Copy exactly the lines from the beginning of the data down to and including the line holding "import ezdxf", without any pictures.

The data Start Marker

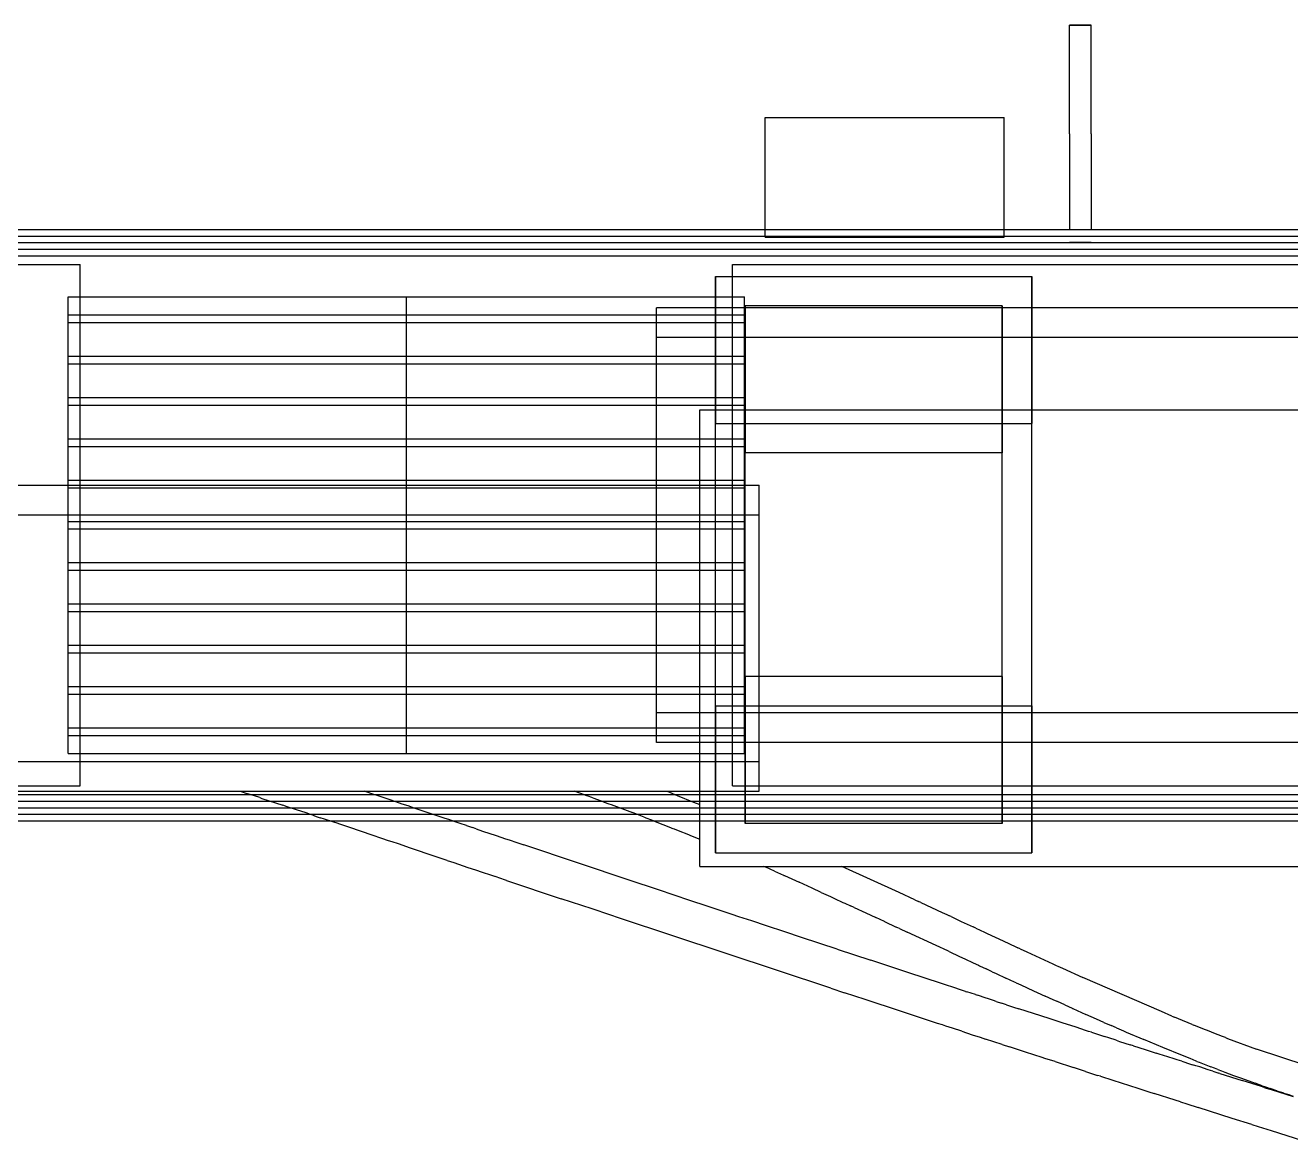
# Model space of a CAD drawing. Header units: millimetres. Extents: x -1175 to 655, y -895 to 720.
# Drawn here: x -388.9 to -324.9, y 18.5 to 75.1 of the extents above; entities that cross this region are included whole.
import ezdxf

# ---------------------------------------------------------------- set-up
doc = ezdxf.new("R2010")
doc.units = ezdxf.units.MM
doc.layers.add('HIDDEN', color=8, linetype='Continuous')
doc.layers.add('VISIBLE', color=7, linetype='Continuous')

msp = doc.modelspace()

# ---------------------------------------------------------------- linework, layer by layer
at = {"layer": 'HIDDEN'}
for points in [[(-336.096, 75.1), (-336.1, 75.1)], [(-336.064, 75.1), (-336.096, 75.1)], [(-336.003, 75.1), (-336.064, 75.1)], [(-335.915, 75.1), (-336.003, 75.1)], [(-335.806, 75.1), (-335.915, 75.1)], [(-335.682, 75.1), (-335.806, 75.1)], [(-335.55, 75.1), (-335.682, 75.1)], [(-335.418, 75.1), (-335.55, 75.1)], [(-335.294, 75.1), (-335.418, 75.1)], [(-335.185, 75.1), (-335.294, 75.1)], [(-335.097, 75.1), (-335.185, 75.1)], [(-335.036, 75.1), (-335.097, 75.1)], [(-335.004, 75.1), (-335.036, 75.1)], [(-335, 75.1), (-335.004, 75.1)], [(-351.5, 70.425), (-339.4, 70.425)], [(-351.5, 64.375), (-351.5, 70.425)], [(-339.4, 64.375), (-339.4, 70.425)], [(-432.9, 64.76), (-306.4, 64.76)], [(-432.9, 64.76), (-306.4, 64.76)], [(-432.9, 64.76), (-306.4, 64.76)], [(-351.5, 64.375), (-351.5, 64.76)], [(-339.4, 64.375), (-339.4, 64.76)], [(-432.9, 64.43), (-306.4, 64.43)], [(-432.9, 64.43), (-306.4, 64.43)], [(-432.9, 64.1), (-306.4, 64.1)], [(-432.9, 64.1), (-306.4, 64.1)], [(-432.9, 64.1), (-306.4, 64.1)], [(-432.9, 64.1), (-306.4, 64.1)], [(-351.5, 64.375), (-339.4, 64.375)], [(-351.5, 64.375), (-339.4, 64.375)], [(-336.1, 64.1), (-336.096, 64.1)], [(-336.096, 64.1), (-336.1, 64.1)], [(-336.096, 64.1), (-336.064, 64.1)], [(-336.064, 64.1), (-336.096, 64.1)], [(-336.064, 64.1), (-336.003, 64.1)], [(-336.003, 64.1), (-336.064, 64.1)], [(-336.003, 64.1), (-335.915, 64.1)], [(-335.915, 64.1), (-336.003, 64.1)], [(-335.915, 64.1), (-335.806, 64.1)], [(-335.806, 64.1), (-335.915, 64.1)], [(-335.806, 64.1), (-335.682, 64.1)], [(-335.682, 64.1), (-335.806, 64.1)], [(-335.682, 64.1), (-335.55, 64.1)], [(-335.55, 64.1), (-335.682, 64.1)], [(-335.418, 64.1), (-335.55, 64.1)], [(-335.55, 64.1), (-335.418, 64.1)], [(-335.294, 64.1), (-335.418, 64.1)], [(-335.418, 64.1), (-335.294, 64.1)], [(-335.185, 64.1), (-335.294, 64.1)], [(-335.294, 64.1), (-335.185, 64.1)], [(-335.097, 64.1), (-335.185, 64.1)], [(-335.185, 64.1), (-335.097, 64.1)], [(-335.036, 64.1), (-335.097, 64.1)], [(-335.097, 64.1), (-335.036, 64.1)], [(-335.004, 64.1), (-335.036, 64.1)], [(-335.036, 64.1), (-335.004, 64.1)], [(-335, 64.1), (-335.004, 64.1)], [(-335.004, 64.1), (-335, 64.1)], [(-432.9, 63.77), (-306.4, 63.77)], [(-432.9, 63.77), (-306.4, 63.77)], [(-432.9, 63.44), (-306.4, 63.44)], [(-432.9, 63.44), (-306.4, 63.44)], [(-432.9, 63.44), (-306.4, 63.44)], [(-432.9, 63), (-386.15, 63)], [(-432.9, 63), (-386.15, 63)], [(-386.15, 36.6), (-386.15, 63)], [(-386.15, 36.6), (-386.15, 63)], [(-353.15, 63), (-306.4, 63)], [(-353.15, 63), (-306.4, 63)], [(-353.15, 36.6), (-353.15, 63)], [(-353.15, 36.6), (-353.15, 63)], [(-354, 40.662), (-354, 62.39)], [(-338, 40.662), (-338, 62.39)], [(-386.762, 61.35), (-369.65, 61.35)], [(-386.762, 38.25), (-386.762, 61.35)], [(-386.762, 61.35), (-369.65, 61.35)], [(-369.65, 61.35), (-352.538, 61.35)], [(-369.65, 38.25), (-369.65, 61.35)], [(-369.65, 61.35), (-352.538, 61.35)], [(-369.65, 38.25), (-369.65, 61.35)], [(-352.538, 38.25), (-352.538, 61.35)], [(-352.5, 60.908), (-352.5, 53.462)], [(-352.5, 42.144), (-352.5, 60.908)], [(-339.5, 60.908), (-352.5, 60.908)], [(-339.5, 60.908), (-339.5, 53.462)], [(-339.5, 42.144), (-339.5, 60.908)], [(-386.762, 60.442), (-369.65, 60.442)], [(-386.762, 60.057), (-386.762, 60.442)], [(-386.762, 60.442), (-369.65, 60.442)], [(-369.65, 60.442), (-352.538, 60.442)], [(-369.65, 60.057), (-369.65, 60.442)], [(-369.65, 60.442), (-352.538, 60.442)], [(-369.65, 60.057), (-369.65, 60.442)], [(-237, 60.8), (-357, 60.8)], [(-357, 38.8), (-357, 60.8)], [(-354, 60.8), (-354, 59.667)], [(-352.538, 60.057), (-352.538, 60.442)], [(-338, 60.8), (-338, 59.667)], [(-386.762, 60.057), (-369.65, 60.057)], [(-386.762, 60.057), (-369.65, 60.057)], [(-369.65, 60.057), (-352.538, 60.057)], [(-369.65, 60.057), (-352.538, 60.057)], [(-237, 59.3), (-357, 59.3)], [(-237, 59.3), (-357, 59.3)], [(-357, 40.3), (-357, 59.3)], [(-357, 40.3), (-357, 59.3)], [(-386.762, 58.352), (-369.65, 58.352)], [(-386.762, 57.967), (-386.762, 58.352)], [(-386.762, 58.352), (-369.65, 58.352)], [(-369.65, 58.352), (-352.538, 58.352)], [(-369.65, 57.967), (-369.65, 58.352)], [(-369.65, 58.352), (-352.538, 58.352)], [(-369.65, 57.967), (-369.65, 58.352)], [(-352.538, 57.967), (-352.538, 58.352)], [(-386.762, 57.967), (-369.65, 57.967)], [(-386.762, 57.967), (-369.65, 57.967)], [(-369.65, 57.967), (-352.538, 57.967)], [(-369.65, 57.967), (-352.538, 57.967)], [(-386.762, 56.262), (-369.65, 56.262)], [(-386.762, 55.877), (-386.762, 56.262)], [(-386.762, 56.262), (-369.65, 56.262)], [(-386.762, 55.877), (-369.65, 55.877)], [(-386.762, 55.877), (-369.65, 55.877)], [(-369.65, 56.262), (-352.538, 56.262)], [(-369.65, 55.877), (-369.65, 56.262)], [(-369.65, 56.262), (-352.538, 56.262)], [(-369.65, 55.877), (-369.65, 56.262)], [(-369.65, 55.877), (-352.538, 55.877)], [(-369.65, 55.877), (-352.538, 55.877)], [(-352.538, 55.877), (-352.538, 56.262)], [(-354.8, 55.63), (-317.4, 55.63)], [(-354.8, 32.53), (-354.8, 55.63)], [(-354, 55.63), (-354, 54.944)], [(-338, 55.63), (-338, 54.944)], [(-354, 54.944), (-338, 54.944)], [(-354, 33.216), (-354, 54.944)], [(-338, 33.216), (-338, 54.944)], [(-386.762, 54.172), (-369.65, 54.172)], [(-386.762, 53.787), (-386.762, 54.172)], [(-386.762, 54.172), (-369.65, 54.172)], [(-386.762, 53.787), (-369.65, 53.787)], [(-386.762, 53.787), (-369.65, 53.787)], [(-369.65, 54.172), (-352.538, 54.172)], [(-369.65, 53.787), (-369.65, 54.172)], [(-369.65, 54.172), (-352.538, 54.172)], [(-369.65, 53.787), (-369.65, 54.172)], [(-369.65, 53.787), (-352.538, 53.787)], [(-369.65, 53.787), (-352.538, 53.787)], [(-352.538, 53.787), (-352.538, 54.172)], [(-352.5, 34.698), (-352.5, 53.462)], [(-339.5, 53.462), (-352.5, 53.462)], [(-339.5, 34.698), (-339.5, 53.462)], [(-386.762, 52.083), (-369.65, 52.083)], [(-386.762, 51.697), (-386.762, 52.083)], [(-386.762, 52.083), (-369.65, 52.083)], [(-369.65, 52.083), (-352.538, 52.083)], [(-369.65, 51.697), (-369.65, 52.083)], [(-369.65, 52.083), (-352.538, 52.083)], [(-369.65, 51.697), (-369.65, 52.083)], [(-352.538, 51.697), (-352.538, 52.083)], [(-476, 51.83), (-351.8, 51.83)], [(-386.762, 51.697), (-369.65, 51.697)], [(-386.762, 51.697), (-369.65, 51.697)], [(-369.65, 51.697), (-352.538, 51.697)], [(-369.65, 51.697), (-352.538, 51.697)], [(-357, 38.8), (-357, 51.83)], [(-354.8, 51.83), (-351.8, 51.83)], [(-351.8, 36.33), (-351.8, 51.83)], [(-351.8, 36.33), (-351.8, 51.83)], [(-476, 50.33), (-351.8, 50.33)], [(-476, 50.33), (-351.8, 50.33)], [(-386.762, 49.992), (-369.65, 49.992)], [(-386.762, 49.607), (-386.762, 49.992)], [(-386.762, 49.992), (-369.65, 49.992)], [(-369.65, 49.992), (-352.538, 49.992)], [(-369.65, 49.607), (-369.65, 49.992)], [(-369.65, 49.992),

The data End Marker

- **Output of the exercise**
# Model space of a CAD drawing. Header units: millimetres. Extents: x -1175 to 655, y -895 to 720.
# Drawn here: x -388.9 to -324.9, y 18.5 to 75.1 of the extents above; entities that cross this region are included whole.
import ezdxf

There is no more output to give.